Selar expeditions set to launch in 2026

If your idea of a cruise involves endless buffets, bingo nights, and enough emissions to melt the poles, Selar would like a quiet word (and a strong gust of wind).

Launching in 2026, Selar is the world’s first fully sustainable polar expedition company, and it’s here to prove that you can chase adventure and save the planet at the same time.

Helmed by Arctic explorer, ice pilot, and all-around badass Sophie Galvagnon (alongside two entrepreneurial trailblazers, Julia Bijaoui and Quentin Vacher), Selar’s luxury voyages will take just 36 lucky adventurers on noise-free, zero-emission journeys into the most remote reaches of the Arctic. We’re talking sails with solar panels, cabins with horizon views, a rooftop sauna, and hot chocolate served in driftwood huts. Pinterest, eat your heart out.

But there’s more. Selar’s trips have no set itinerary, just pure, spontaneous adventure. Spot a polar bear? Go silent and observe. Fancy a kayak around a glacier? Done. Want to ski down an untouched fjord then sip glögg under the Northern Lights? Absolutely.

You’ll share the ship with scientists, artists, and maybe a seal or two, as well as take part in polar clean-ups and citizen science. Because why just see the world when you can help save it?

Selar’s whole motto is that they’re ‘not a cruise, but an expedition’. But make it carbon-negative, luxury-forward, and wildly unforgettable.

Laugarás Lagoon

Just when you thought Iceland couldn’t get any more extra with its volcanoes, geysers and Björk, along comes Laugarás Lagoon, a brand-new, two-level geothermal wonderland opening this August. Yes, August 15. Mark it. Tattoo it. Whatever works.
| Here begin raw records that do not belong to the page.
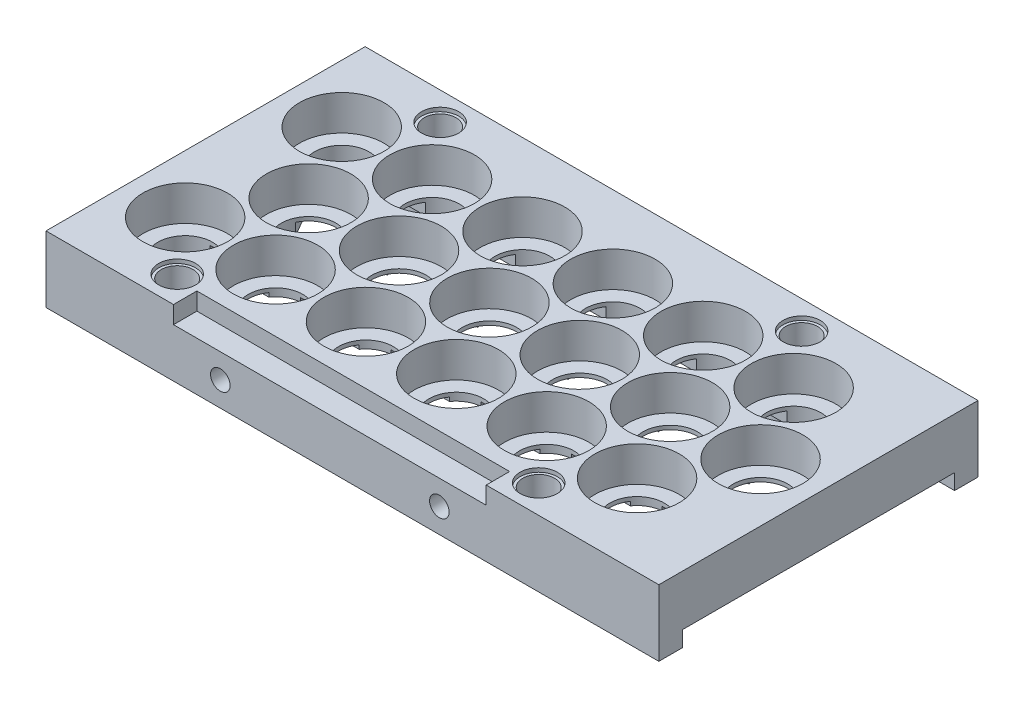
SolidWorks part; units mm, degrees
ref_plane "Front Plane" through (0, 0, 0) normal (0, 0, 1) x (1, 0, 0)
ref_plane "Top Plane" through (0, 0, 0) normal (0, 1, 0) x (1, 0, 0)
ref_plane "Right Plane" through (0, 0, 0) normal (1, 0, 0) x (0, 0, -1)
sketch "Sketch1" plane through (0, 0, 0) normal (0, 1, 0) x (1, 0, 0)
  line L0 (0, 0) -> (11.575, -20.0485) construction
  line L1 (11.575, -20.0485) -> (0, -40.097) construction
  line L2 (0, 0) -> (11.575, 0) construction
  line L3 (11.575, 0) -> (11.575, -20.0485) construction
  line L4 (11.575, -20.0485) -> (11.575, -40.097) construction
  line L5 (11.575, -40.097) -> (0, -40.097) construction
  line L6 (0, 0) -> (23.15, 0) construction
  line L7 (0, 0) -> (23.15, 0) construction
  line L8 (-14.825, -60.922) -> (142.15, -60.922)
  line L9 (-14.825, -60.922) -> (-14.825, 20.825)
  line L10 (-14.825, 20.825) -> (142.15, 20.825)
  line L11 (142.15, -60.922) -> (142.15, 20.825)
  circle A0 centre (0, 0) radius 10.825
  circle A1 centre (11.575, -20.0485) radius 10.825
  circle A2 centre (0, -40.097) radius 10.825
  circle A3 centre (23.15, 0) radius 10.825
  circle A4 centre (34.725, -20.0485) radius 10.825
  circle A5 centre (23.15, -40.097) radius 10.825
  circle A6 centre (46.3, 0) radius 10.825
  circle A7 centre (57.875, -20.0485) radius 10.825
  circle A8 centre (46.3, -40.097) radius 10.825
  circle A9 centre (69.45, 0) radius 10.825
  circle A10 centre (81.025, -20.0485) radius 10.825
  circle A11 centre (69.45, -40.097) radius 10.825
  circle A12 centre (92.6, 0) radius 10.825
  circle A13 centre (104.175, -20.0485) radius 10.825
  circle A14 centre (92.6, -40.097) radius 10.825
  circle A15 centre (115.75, 0) radius 10.825
  circle A16 centre (127.325, -20.0485) radius 10.825
  circle A17 centre (115.75, -40.097) radius 10.825
  circle A18 centre (0, 0) radius 7
  circle A19 centre (11.575, -20.0485) radius 7
  circle A20 centre (0, -40.097) radius 7
  circle A21 centre (23.15, 0) radius 7
  circle A22 centre (34.725, -20.0485) radius 7
  circle A23 centre (23.15, -40.097) radius 7
  circle A24 centre (46.3, 0) radius 7
  circle A25 centre (57.875, -20.0485) radius 7
  circle A26 centre (46.3, -40.097) radius 7
  circle A27 centre (69.45, 0) radius 7
  circle A28 centre (81.025, -20.0485) radius 7
  circle A29 centre (69.45, -40.097) radius 7
  circle A30 centre (92.6, 0) radius 7
  circle A31 centre (104.175, -20.0485) radius 7
  circle A32 centre (92.6, -40.097) radius 7
  circle A33 centre (115.75, 0) radius 7
  circle A34 centre (127.325, -20.0485) radius 7
  circle A35 centre (115.75, -40.097) radius 7
  dimension "D3" = 21.65
  dimension "D11" = 14
  dimension "D1" = 60
  dimension "D2" = 60
  dimension "D4" = 1.5
  dimension "D6" = 23.15
  dimension "D7" = 4
  dimension "D8" = 4
  dimension "D9" = 10
  dimension "D10" = 10
  dimension "D13" = 23.15
  dimension "D5" = 6
  dimension "D12" = 6
extrude "Boss-Extrude2" add sketch "Sketch1" along normal blind 11 contours L8 L11 L10 L9 A17 A16 A15 A14 A13 A12 A11 A10 A9 A8 A7 A6 A5 A4 A3 A2 A1 A0 region at (-13.0551, 0, 20.0485)
extrude "Boss-Extrude3" add sketch "Sketch1<3>" along normal blind 2 contours A0 A18 | A3 A21 | A6 A24 | A9 A27 | A12 A30 | A15 A33 | A1 A19 | A4 A22 | A7 A25 | A10 A28 | A13 A31 | A16 A34 | A17 A35 | A14 A32 | A11 A29 | A8 A26 | A5 A23 | A2 A20 region at (-10.5188, 0, 0) region at (1.0562, 0, 20.0485) region at (-10.5188, 0, 40.097) region at (12.6312, 0, 0) region at (24.2062, 0, 20.0485) region at (12.6312, 0, 40.097) region at (35.7812, 0, 0) region at (47.3562, 0, 20.0485) region at (35.7812, 0, 40.097) region at (58.9312, 0, 0) region at (70.5062, 0, 20.0485) region at (58.9312, 0, 40.097) region at (82.0812, 0, 0) region at (93.6562, 0, 20.0485) region at (82.0812, 0, 40.097) region at (105.2312, 0, 0) region at (116.8062, 0, 20.0485) region at (105.2312, 0, 40.097)
sketch "Sketch1<3>" plane through (0, 0, 0) normal (0, 1, 0) x (1, 0, 0) same geometry as "Sketch1"
sketch "Sketch2" plane through (0, 0, 0) normal (0, -1, 0) x (1, 0, 0)
  line L0 (0, 40.097) -> (11.575, 20.0485) construction
  line L1 (3.4641, 42.097) -> (15.0391, 22.0485)
  line L2 (-3.4641, 38.097) -> (8.1109, 18.0485)
  line L3 (11.575, 20.0485) -> (0, 0) construction
  line L4 (15.0391, 18.0485) -> (3.4641, -2)
  line L5 (8.1109, 22.0485) -> (-3.4641, 2)
  line L6 (19.6859, 38.097) -> (31.2609, 18.0485)
  line L7 (26.6141, 42.097) -> (38.1891, 22.0485)
  line L8 (31.2609, 22.0485) -> (19.6859, 2)
  line L9 (38.1891, 18.0485) -> (26.6141, -2)
  line L10 (23.15, 40.097) -> (34.725, 20.0485) construction
  line L11 (34.725, 20.0485) -> (23.15, 0) construction
  line L12 (42.8359, 38.097) -> (54.4109, 18.0485)
  line L13 (49.7641, 42.097) -> (61.3391, 22.0485)
  line L14 (54.4109, 22.0485) -> (42.8359, 2)
  line L15 (61.3391, 18.0485) -> (49.7641, -2)
  line L16 (46.3, 40.097) -> (57.875, 20.0485) construction
  line L17 (57.875, 20.0485) -> (46.3, 0) construction
  line L18 (65.9859, 38.097) -> (77.5609, 18.0485)
  line L19 (72.9141, 42.097) -> (84.4891, 22.0485)
  line L20 (77.5609, 22.0485) -> (65.9859, 2)
  line L21 (84.4891, 18.0485) -> (72.9141, -2)
  line L22 (69.45, 40.097) -> (81.025, 20.0485) construction
  line L23 (81.025, 20.0485) -> (69.45, 0) construction
  line L24 (89.1359, 38.097) -> (100.7109, 18.0485)
  line L25 (96.0641, 42.097) -> (107.6391, 22.0485)
  line L26 (100.7109, 22.0485) -> (89.1359, 2)
  line L27 (107.6391, 18.0485) -> (96.0641, -2)
  line L28 (92.6, 40.097) -> (104.175, 20.0485) construction
  line L29 (104.175, 20.0485) -> (92.6, 0) construction
  line L30 (112.2859, 38.097) -> (123.8609, 18.0485)
  line L31 (119.2141, 42.097) -> (130.7891, 22.0485)
  line L32 (123.8609, 22.0485) -> (112.2859, 2)
  line L33 (130.7891, 18.0485) -> (119.2141, -2)
  line L34 (115.75, 40.097) -> (127.325, 20.0485) construction
  line L35 (127.325, 20.0485) -> (115.75, 0) construction
  line L36 (-3.4641, 38.097) -> (19.6859, 38.097) construction
  line L37 (0, 40.097) -> (115.75, 40.097) construction
  line L38 (0, 44.097) -> (115.75, 44.097)
  line L39 (0, 36.097) -> (115.75, 36.097)
  line L40 (11.575, 20.0485) -> (127.325, 20.0485) construction
  line L41 (11.575, 24.0485) -> (127.325, 24.0485)
  line L42 (11.575, 16.0485) -> (127.325, 16.0485)
  line L43 (0, 0) -> (115.75, 0) construction
  line L44 (0, 4) -> (115.75, 4)
  line L45 (0, -4) -> (115.75, -4)
  arc A0 (3.4641, 42.097) -> (-3.4641, 38.097) centre (0, 40.097) ccw
  arc A1 (8.1109, 18.0485) -> (15.0391, 22.0485) centre (11.575, 20.0485) ccw
  arc A2 (15.0391, 18.0485) -> (8.1109, 22.0485) centre (11.575, 20.0485) ccw
  arc A3 (-3.4641, 2) -> (3.4641, -2) centre (0, 0) ccw
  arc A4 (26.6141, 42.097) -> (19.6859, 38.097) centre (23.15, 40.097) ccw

Nestled in the Golden Circle near the town of Laugarás, this steamy newcomer isn’t your average hot spring. For starters, it has a cascading waterfall inside the lagoon. That’s right. You can literally soak, slide, and swan dive your way through levels of geothermally-heated luxury (it’s doing the most).

And the vibe is Nordic chic meets “I may never leave.” Expect warm mineral pools reaching up to 40°C, forest views, and two bars because nothing says wellness quite like sipping bubbly in a 5,000-year-old lava field.

If that’s not enough, there are also saunas, a glacial plunge pool (for people who enjoy voluntary suffering), and a secret grotto where you can hide from your travel companions or contemplate your life choices in peace.

And if all that lounging makes you hungry, fear not. Ylja, the onsite restaurant, is headed up by Icelandic culinary wizard Gísli Matt. Think hyper-local ingredients served with mountain views and zero shame if you wanna wear a robe to dinner.
In short: Laugarás Lagoon is set to be the country’s next hot thing, literally.